▸ Data in this exercise:
● ● ● ● ● ● ●
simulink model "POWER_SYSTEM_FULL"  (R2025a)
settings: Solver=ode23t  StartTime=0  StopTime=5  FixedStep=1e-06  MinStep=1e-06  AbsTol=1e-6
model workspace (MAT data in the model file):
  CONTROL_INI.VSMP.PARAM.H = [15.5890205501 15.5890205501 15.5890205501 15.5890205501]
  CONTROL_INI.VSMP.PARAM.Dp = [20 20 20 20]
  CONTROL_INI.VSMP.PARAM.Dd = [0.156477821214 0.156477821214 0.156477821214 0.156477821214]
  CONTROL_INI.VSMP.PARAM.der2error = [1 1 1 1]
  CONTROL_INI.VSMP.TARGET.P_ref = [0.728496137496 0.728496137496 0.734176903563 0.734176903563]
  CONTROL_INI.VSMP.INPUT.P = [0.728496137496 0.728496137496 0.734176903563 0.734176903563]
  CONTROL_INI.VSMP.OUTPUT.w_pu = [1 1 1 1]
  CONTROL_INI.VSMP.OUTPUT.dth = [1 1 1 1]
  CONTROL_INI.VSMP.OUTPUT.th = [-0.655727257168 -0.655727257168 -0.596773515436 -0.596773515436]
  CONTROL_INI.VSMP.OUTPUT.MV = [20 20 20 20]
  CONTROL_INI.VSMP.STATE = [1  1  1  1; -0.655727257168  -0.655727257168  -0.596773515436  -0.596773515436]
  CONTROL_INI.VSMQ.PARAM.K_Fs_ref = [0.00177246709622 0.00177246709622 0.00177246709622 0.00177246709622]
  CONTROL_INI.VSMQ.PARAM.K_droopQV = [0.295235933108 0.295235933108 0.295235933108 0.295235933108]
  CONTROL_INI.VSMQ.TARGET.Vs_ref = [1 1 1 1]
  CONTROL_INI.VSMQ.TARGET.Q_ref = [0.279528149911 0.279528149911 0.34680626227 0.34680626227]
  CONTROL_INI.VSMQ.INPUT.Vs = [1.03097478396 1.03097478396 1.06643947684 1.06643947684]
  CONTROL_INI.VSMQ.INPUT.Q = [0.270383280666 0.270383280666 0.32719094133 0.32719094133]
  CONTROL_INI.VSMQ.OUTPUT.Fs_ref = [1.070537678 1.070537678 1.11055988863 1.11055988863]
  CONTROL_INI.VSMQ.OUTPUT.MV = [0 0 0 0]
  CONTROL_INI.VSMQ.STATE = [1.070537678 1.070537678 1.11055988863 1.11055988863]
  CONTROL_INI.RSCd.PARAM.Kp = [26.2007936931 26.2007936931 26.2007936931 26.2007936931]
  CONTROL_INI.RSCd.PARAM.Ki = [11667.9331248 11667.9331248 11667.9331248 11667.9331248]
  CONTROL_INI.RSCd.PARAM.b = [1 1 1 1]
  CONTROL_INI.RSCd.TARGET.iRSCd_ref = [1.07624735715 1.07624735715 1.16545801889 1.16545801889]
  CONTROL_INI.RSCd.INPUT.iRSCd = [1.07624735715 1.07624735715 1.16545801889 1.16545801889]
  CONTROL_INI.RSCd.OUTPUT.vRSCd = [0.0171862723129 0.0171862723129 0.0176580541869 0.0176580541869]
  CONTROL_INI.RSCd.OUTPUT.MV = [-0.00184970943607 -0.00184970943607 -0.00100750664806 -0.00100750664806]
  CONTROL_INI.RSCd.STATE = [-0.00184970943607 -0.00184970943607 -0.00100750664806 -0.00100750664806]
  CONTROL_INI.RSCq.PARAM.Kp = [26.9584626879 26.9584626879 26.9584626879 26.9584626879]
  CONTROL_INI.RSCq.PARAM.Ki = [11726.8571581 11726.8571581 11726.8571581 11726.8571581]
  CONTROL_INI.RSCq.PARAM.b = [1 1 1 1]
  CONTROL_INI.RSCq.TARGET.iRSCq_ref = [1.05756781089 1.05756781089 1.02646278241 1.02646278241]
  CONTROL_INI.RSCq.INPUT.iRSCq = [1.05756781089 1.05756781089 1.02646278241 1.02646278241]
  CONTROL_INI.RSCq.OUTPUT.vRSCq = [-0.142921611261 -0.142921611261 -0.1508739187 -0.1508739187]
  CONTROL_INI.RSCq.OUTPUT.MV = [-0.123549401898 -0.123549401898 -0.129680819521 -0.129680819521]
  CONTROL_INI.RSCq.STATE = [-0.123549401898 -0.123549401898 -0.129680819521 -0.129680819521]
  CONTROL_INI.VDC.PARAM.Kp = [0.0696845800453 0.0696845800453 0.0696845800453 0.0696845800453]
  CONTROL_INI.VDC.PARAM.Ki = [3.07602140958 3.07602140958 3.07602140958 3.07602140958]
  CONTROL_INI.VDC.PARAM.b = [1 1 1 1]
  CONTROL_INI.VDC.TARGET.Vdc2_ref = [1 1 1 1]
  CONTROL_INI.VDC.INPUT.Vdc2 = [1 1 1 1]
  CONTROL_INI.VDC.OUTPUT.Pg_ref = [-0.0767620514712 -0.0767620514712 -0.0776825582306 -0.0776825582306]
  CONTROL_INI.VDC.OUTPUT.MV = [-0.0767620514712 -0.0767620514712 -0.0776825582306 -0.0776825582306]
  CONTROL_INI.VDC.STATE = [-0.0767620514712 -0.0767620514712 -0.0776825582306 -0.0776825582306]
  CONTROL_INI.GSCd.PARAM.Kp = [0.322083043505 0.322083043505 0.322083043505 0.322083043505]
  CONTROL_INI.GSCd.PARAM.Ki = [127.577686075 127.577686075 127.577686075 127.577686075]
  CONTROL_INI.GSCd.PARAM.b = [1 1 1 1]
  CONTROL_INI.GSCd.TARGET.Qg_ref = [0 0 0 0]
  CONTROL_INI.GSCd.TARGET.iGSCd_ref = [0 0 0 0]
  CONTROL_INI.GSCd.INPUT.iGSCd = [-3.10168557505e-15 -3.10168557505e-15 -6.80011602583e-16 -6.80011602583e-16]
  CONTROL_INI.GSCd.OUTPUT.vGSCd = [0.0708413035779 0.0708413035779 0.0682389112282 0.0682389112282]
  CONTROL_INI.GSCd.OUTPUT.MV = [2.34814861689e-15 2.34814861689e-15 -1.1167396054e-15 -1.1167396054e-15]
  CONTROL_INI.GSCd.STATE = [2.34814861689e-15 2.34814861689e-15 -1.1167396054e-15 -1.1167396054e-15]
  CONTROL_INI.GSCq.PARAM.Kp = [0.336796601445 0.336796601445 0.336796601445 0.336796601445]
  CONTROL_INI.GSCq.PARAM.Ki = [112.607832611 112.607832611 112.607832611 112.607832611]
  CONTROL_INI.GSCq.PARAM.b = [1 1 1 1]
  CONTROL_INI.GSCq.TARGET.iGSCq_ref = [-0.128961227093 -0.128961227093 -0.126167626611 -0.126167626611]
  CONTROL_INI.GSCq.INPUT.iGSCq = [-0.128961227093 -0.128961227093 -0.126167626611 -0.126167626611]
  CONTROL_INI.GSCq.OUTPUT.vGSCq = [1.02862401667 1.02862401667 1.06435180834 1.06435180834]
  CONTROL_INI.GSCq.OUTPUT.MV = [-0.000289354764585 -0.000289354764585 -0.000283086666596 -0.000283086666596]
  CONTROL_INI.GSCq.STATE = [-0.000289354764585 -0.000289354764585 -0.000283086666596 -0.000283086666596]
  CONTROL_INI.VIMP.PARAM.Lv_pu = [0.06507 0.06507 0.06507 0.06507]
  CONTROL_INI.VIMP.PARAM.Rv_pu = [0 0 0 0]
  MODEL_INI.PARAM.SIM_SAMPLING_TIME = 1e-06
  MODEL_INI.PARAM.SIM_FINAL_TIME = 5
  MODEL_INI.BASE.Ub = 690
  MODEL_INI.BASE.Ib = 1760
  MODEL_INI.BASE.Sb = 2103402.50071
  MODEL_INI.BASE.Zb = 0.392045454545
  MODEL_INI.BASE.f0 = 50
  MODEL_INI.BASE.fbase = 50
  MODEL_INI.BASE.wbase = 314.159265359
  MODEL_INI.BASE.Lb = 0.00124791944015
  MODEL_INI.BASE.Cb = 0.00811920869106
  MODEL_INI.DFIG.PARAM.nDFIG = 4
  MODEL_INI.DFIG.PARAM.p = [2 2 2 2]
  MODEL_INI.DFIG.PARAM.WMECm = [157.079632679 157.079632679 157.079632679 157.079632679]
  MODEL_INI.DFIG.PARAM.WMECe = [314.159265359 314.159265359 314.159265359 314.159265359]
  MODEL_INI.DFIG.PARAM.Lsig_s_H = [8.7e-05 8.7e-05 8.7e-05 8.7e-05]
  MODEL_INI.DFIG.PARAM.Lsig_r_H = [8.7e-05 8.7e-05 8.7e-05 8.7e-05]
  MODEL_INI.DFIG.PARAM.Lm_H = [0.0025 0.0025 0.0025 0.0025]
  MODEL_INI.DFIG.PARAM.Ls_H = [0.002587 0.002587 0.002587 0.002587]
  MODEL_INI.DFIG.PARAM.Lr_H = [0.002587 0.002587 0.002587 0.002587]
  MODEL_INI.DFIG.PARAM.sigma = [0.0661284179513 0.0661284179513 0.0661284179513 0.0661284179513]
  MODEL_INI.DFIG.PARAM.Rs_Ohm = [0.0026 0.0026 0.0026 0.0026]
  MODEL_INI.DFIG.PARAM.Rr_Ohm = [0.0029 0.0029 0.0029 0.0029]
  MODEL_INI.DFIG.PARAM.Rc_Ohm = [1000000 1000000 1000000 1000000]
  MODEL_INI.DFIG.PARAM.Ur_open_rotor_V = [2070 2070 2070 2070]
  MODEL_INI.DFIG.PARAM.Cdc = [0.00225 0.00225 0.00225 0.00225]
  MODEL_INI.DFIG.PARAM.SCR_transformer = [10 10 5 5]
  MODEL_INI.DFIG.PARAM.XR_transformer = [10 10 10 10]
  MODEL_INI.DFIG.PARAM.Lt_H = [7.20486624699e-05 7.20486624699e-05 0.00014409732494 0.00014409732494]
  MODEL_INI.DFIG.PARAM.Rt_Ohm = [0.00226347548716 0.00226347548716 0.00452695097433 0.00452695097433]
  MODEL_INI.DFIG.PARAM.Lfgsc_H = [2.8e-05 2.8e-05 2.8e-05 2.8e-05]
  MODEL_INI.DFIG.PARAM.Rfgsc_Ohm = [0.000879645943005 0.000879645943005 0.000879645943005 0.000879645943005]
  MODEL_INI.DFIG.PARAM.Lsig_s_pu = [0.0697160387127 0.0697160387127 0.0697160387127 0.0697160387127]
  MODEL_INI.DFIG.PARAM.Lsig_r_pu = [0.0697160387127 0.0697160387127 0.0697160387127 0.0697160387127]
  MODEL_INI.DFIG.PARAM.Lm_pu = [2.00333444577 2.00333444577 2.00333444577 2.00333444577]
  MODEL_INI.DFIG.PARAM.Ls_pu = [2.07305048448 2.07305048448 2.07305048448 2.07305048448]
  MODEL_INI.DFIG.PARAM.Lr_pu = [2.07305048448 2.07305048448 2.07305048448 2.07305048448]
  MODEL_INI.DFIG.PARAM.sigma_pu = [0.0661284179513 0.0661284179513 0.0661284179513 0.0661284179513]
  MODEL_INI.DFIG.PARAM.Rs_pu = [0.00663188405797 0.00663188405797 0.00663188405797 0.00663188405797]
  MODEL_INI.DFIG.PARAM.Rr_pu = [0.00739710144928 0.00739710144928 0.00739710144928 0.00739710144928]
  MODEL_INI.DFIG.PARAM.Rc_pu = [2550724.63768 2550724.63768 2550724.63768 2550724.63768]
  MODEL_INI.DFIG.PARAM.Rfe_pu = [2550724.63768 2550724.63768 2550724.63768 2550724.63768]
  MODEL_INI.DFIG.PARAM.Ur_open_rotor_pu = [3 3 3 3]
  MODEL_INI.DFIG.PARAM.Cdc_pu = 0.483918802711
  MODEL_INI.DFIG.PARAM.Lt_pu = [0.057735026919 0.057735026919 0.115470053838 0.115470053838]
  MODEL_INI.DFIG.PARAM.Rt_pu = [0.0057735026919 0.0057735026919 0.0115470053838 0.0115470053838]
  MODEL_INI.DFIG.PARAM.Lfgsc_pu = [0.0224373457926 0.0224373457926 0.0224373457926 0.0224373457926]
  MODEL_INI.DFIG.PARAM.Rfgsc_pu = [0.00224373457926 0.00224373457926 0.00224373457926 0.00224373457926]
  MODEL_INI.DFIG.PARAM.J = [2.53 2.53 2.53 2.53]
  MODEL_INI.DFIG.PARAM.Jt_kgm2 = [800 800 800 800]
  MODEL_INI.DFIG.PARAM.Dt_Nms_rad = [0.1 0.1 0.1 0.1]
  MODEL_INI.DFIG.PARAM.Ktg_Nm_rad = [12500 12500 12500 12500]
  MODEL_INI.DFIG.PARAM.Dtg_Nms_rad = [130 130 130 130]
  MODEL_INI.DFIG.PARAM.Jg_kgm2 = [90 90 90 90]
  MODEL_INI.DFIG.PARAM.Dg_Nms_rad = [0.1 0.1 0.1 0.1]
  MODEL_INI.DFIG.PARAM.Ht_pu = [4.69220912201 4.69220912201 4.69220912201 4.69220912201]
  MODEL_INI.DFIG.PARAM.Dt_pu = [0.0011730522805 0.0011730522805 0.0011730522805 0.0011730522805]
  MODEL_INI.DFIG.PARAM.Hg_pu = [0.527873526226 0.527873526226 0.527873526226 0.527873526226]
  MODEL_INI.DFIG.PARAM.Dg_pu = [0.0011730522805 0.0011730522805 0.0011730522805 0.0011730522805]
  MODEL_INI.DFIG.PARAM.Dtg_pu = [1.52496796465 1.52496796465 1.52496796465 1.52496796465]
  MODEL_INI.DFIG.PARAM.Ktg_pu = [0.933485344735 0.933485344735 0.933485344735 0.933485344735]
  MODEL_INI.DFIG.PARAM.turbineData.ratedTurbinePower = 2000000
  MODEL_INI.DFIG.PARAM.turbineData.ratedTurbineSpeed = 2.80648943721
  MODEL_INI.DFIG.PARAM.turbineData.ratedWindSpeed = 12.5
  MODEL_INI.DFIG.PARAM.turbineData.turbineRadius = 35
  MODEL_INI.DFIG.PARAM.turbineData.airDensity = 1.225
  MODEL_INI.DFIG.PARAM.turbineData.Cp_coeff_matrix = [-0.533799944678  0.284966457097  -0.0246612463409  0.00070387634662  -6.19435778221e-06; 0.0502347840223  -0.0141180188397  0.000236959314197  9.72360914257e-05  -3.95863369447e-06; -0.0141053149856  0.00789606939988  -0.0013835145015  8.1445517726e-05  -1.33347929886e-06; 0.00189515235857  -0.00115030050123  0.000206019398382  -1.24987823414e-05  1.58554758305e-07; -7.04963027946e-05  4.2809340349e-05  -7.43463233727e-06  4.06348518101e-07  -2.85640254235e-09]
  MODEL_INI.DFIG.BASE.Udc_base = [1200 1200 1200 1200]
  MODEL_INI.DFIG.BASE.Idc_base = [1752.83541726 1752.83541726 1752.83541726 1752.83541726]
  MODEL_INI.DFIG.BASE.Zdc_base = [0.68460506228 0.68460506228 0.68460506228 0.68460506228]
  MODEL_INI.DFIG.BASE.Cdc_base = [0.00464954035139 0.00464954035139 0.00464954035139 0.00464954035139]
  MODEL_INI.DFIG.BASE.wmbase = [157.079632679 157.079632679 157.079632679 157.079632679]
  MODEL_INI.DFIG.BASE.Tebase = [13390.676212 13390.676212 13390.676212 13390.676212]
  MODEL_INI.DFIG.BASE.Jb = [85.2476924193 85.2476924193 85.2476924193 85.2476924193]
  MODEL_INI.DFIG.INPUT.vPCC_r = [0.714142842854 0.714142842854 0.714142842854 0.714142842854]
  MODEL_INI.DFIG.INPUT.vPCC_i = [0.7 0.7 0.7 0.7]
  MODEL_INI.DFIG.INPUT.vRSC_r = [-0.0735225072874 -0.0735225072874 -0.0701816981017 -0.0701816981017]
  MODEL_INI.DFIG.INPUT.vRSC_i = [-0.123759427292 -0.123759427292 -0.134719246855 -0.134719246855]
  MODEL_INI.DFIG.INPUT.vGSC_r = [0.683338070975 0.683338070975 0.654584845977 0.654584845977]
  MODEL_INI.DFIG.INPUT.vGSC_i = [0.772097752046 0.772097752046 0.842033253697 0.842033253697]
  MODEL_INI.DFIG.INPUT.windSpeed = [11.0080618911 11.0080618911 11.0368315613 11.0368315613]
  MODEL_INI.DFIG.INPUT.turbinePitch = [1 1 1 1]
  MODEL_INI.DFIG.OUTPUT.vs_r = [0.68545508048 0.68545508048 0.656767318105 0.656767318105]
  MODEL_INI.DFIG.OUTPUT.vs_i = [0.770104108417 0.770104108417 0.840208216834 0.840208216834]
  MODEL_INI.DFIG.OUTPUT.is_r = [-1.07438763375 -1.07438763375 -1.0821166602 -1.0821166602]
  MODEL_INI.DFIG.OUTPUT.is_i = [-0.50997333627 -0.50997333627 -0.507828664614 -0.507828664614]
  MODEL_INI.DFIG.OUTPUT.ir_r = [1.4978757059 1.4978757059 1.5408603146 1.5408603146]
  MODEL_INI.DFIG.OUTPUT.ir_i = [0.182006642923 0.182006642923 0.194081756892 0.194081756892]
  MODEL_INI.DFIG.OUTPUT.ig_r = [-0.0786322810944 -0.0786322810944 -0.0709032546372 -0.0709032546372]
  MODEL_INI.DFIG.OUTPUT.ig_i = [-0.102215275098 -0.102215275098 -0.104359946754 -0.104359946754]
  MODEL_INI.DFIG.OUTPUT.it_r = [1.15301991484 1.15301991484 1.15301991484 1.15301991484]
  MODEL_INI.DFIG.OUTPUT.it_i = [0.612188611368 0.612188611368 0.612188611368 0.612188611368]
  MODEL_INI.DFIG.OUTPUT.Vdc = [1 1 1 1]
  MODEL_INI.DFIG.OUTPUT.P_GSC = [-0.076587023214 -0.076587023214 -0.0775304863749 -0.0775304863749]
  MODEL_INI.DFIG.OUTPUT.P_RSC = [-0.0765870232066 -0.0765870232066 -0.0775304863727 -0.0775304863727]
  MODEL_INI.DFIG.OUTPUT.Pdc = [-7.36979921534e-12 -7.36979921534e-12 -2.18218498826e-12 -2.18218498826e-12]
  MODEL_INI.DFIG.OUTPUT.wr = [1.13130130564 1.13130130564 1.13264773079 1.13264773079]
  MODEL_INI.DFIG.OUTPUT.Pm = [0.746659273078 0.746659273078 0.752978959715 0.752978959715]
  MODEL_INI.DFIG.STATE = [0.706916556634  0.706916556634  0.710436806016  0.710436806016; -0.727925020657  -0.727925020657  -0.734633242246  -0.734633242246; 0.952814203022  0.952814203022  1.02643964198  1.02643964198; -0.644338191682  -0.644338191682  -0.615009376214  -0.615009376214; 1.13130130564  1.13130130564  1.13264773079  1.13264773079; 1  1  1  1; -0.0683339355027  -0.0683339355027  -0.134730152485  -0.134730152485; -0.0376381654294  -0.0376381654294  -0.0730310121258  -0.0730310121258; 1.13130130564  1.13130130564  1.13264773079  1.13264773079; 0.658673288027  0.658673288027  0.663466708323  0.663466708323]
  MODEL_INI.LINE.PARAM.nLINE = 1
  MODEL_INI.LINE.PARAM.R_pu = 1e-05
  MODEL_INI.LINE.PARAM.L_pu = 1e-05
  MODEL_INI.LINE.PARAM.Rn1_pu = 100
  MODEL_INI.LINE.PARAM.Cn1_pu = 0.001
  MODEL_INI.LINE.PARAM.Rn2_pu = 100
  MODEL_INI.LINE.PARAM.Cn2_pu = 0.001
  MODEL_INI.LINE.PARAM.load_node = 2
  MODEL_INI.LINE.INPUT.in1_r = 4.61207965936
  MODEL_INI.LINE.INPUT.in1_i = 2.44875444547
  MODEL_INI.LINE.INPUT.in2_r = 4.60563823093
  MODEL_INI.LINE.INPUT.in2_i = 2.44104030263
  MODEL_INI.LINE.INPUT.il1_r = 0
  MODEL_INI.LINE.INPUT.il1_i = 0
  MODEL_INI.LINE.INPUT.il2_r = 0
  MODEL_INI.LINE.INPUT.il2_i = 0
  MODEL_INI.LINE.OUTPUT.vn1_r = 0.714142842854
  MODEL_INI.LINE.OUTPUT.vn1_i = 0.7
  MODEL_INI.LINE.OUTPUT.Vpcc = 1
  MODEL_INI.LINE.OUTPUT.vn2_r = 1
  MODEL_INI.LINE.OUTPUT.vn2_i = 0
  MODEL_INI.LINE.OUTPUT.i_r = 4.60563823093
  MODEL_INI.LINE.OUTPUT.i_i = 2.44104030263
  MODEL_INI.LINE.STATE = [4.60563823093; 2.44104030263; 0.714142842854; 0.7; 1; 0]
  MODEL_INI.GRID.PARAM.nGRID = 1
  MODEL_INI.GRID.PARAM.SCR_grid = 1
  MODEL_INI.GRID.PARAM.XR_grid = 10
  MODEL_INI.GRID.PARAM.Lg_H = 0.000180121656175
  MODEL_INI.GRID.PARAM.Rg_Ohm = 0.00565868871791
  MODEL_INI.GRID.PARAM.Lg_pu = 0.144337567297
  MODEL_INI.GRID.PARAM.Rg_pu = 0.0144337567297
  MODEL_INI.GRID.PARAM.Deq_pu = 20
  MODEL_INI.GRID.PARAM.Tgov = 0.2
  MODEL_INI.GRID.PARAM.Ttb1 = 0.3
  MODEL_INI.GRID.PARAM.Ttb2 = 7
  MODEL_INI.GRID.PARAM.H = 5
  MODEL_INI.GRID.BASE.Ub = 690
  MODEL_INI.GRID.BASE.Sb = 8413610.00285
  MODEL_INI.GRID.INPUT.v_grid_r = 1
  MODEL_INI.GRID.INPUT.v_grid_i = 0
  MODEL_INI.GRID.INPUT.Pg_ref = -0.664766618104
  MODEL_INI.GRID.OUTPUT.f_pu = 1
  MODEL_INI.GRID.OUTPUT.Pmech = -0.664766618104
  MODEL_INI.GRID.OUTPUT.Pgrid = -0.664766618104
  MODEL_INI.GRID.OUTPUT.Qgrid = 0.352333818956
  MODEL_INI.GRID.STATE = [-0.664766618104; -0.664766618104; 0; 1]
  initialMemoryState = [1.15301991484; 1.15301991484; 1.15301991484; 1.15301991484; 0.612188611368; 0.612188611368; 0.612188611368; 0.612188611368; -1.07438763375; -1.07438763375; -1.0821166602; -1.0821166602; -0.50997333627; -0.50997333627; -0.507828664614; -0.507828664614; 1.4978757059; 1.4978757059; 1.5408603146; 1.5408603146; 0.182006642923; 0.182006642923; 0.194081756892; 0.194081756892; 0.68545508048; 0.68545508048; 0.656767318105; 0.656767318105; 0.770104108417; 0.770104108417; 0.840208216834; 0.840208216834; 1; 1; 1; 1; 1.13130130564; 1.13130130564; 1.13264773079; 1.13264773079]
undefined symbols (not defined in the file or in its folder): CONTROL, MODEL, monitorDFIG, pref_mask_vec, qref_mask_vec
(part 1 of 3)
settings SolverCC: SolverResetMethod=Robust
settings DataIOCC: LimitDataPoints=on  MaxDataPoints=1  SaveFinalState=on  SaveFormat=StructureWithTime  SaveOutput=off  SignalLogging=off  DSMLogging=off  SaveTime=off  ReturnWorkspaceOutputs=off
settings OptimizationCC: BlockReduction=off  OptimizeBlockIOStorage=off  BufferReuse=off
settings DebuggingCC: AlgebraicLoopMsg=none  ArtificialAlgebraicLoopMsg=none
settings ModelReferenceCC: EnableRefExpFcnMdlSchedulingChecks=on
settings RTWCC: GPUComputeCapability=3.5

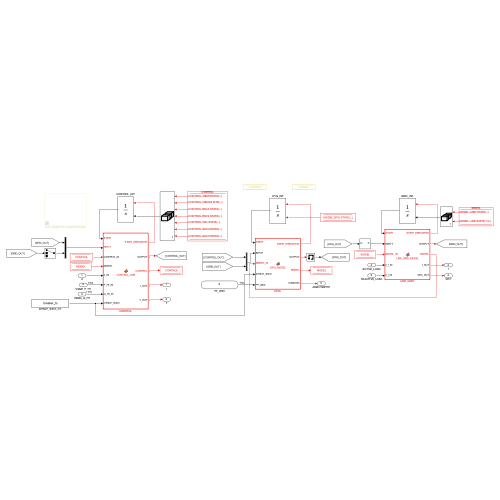
[thumbnail: Simulink's stored preview of the top-level diagram]
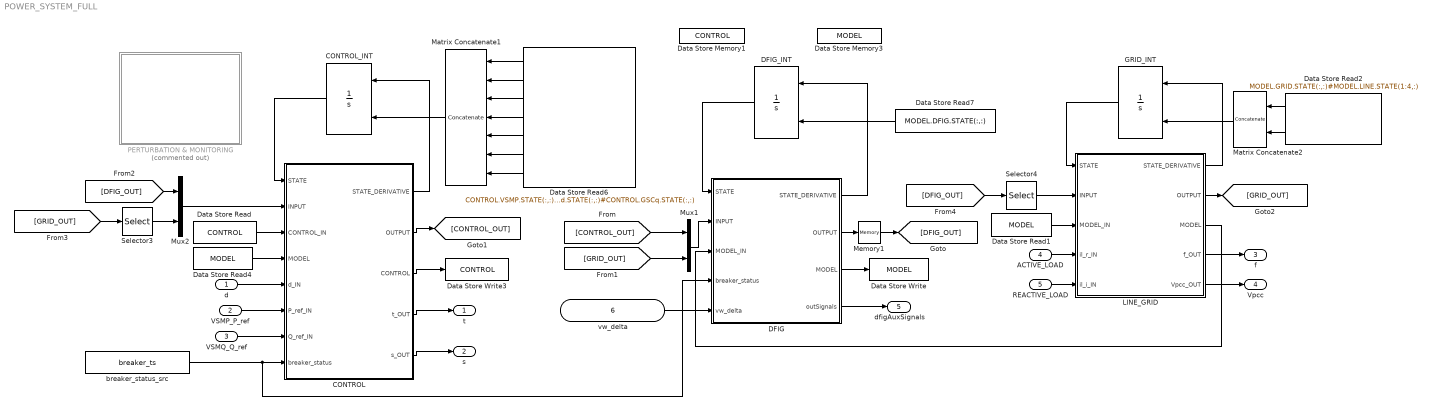
== system POWER_SYSTEM_FULL ==
  d : Inport
  VSMP_P_ref : Inport  Port=2  PortDimensions=[1 MODEL_INI.DFIG.PARAM.nDFIG]
  VSMQ_Q_ref : Inport  Port=3  PortDimensions=[1 MODEL_INI.DFIG.PARAM.nDFIG]
  ACTIVE_LOAD : Inport  Port=4  PortDimensions=1
  REACTIVE_LOAD : Inport  Port=5  PortDimensions=1
  vw_delta : Inport  Port=6  PortDimensions=[1 4]
  CONTROL : MATLAB Function  TreatAsAtomicUnit=on
  CONTROL_INT : Integrator  InitialConditionSource=external
  DFIG : MATLAB Function  TreatAsAtomicUnit=on
  DFIG_INT : Integrator  InitialConditionSource=external
  Data Store Memory1 : DataStoreMemory  Priority=2  DataStoreName=CONTROL  ReadBeforeWriteMsg=warning  WriteAfterWriteMsg=warning  WriteAfterReadMsg=warning  InitialValue=CONTROL_INI  ShowAdditionalParam=off  OutDataTypeStr=Bus: CONTROL_Bus
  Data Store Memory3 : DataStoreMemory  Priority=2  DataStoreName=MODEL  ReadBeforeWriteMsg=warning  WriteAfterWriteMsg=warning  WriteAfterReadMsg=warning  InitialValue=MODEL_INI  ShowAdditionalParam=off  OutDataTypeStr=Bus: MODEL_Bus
● ● ● ● ● ● ●
▸ Instructions for the task:
In the records above, find the line with "MODEL_INI.DFIG.OUTPUT.it_r = [1.15301991484"; write out exactly that line and each one after it, stopping after the line with "MODEL_INI.DFIG.OUTPUT.P_GSC = [-0.076587023214".

▸ Solution to this exercise:
  MODEL_INI.DFIG.OUTPUT.it_r = [1.15301991484 1.15301991484 1.15301991484 1.15301991484]
  MODEL_INI.DFIG.OUTPUT.it_i = [0.612188611368 0.612188611368 0.612188611368 0.612188611368]
  MODEL_INI.DFIG.OUTPUT.Vdc = [1 1 1 1]
  MODEL_INI.DFIG.OUTPUT.P_GSC = [-0.076587023214 -0.076587023214 -0.0775304863749 -0.0775304863749]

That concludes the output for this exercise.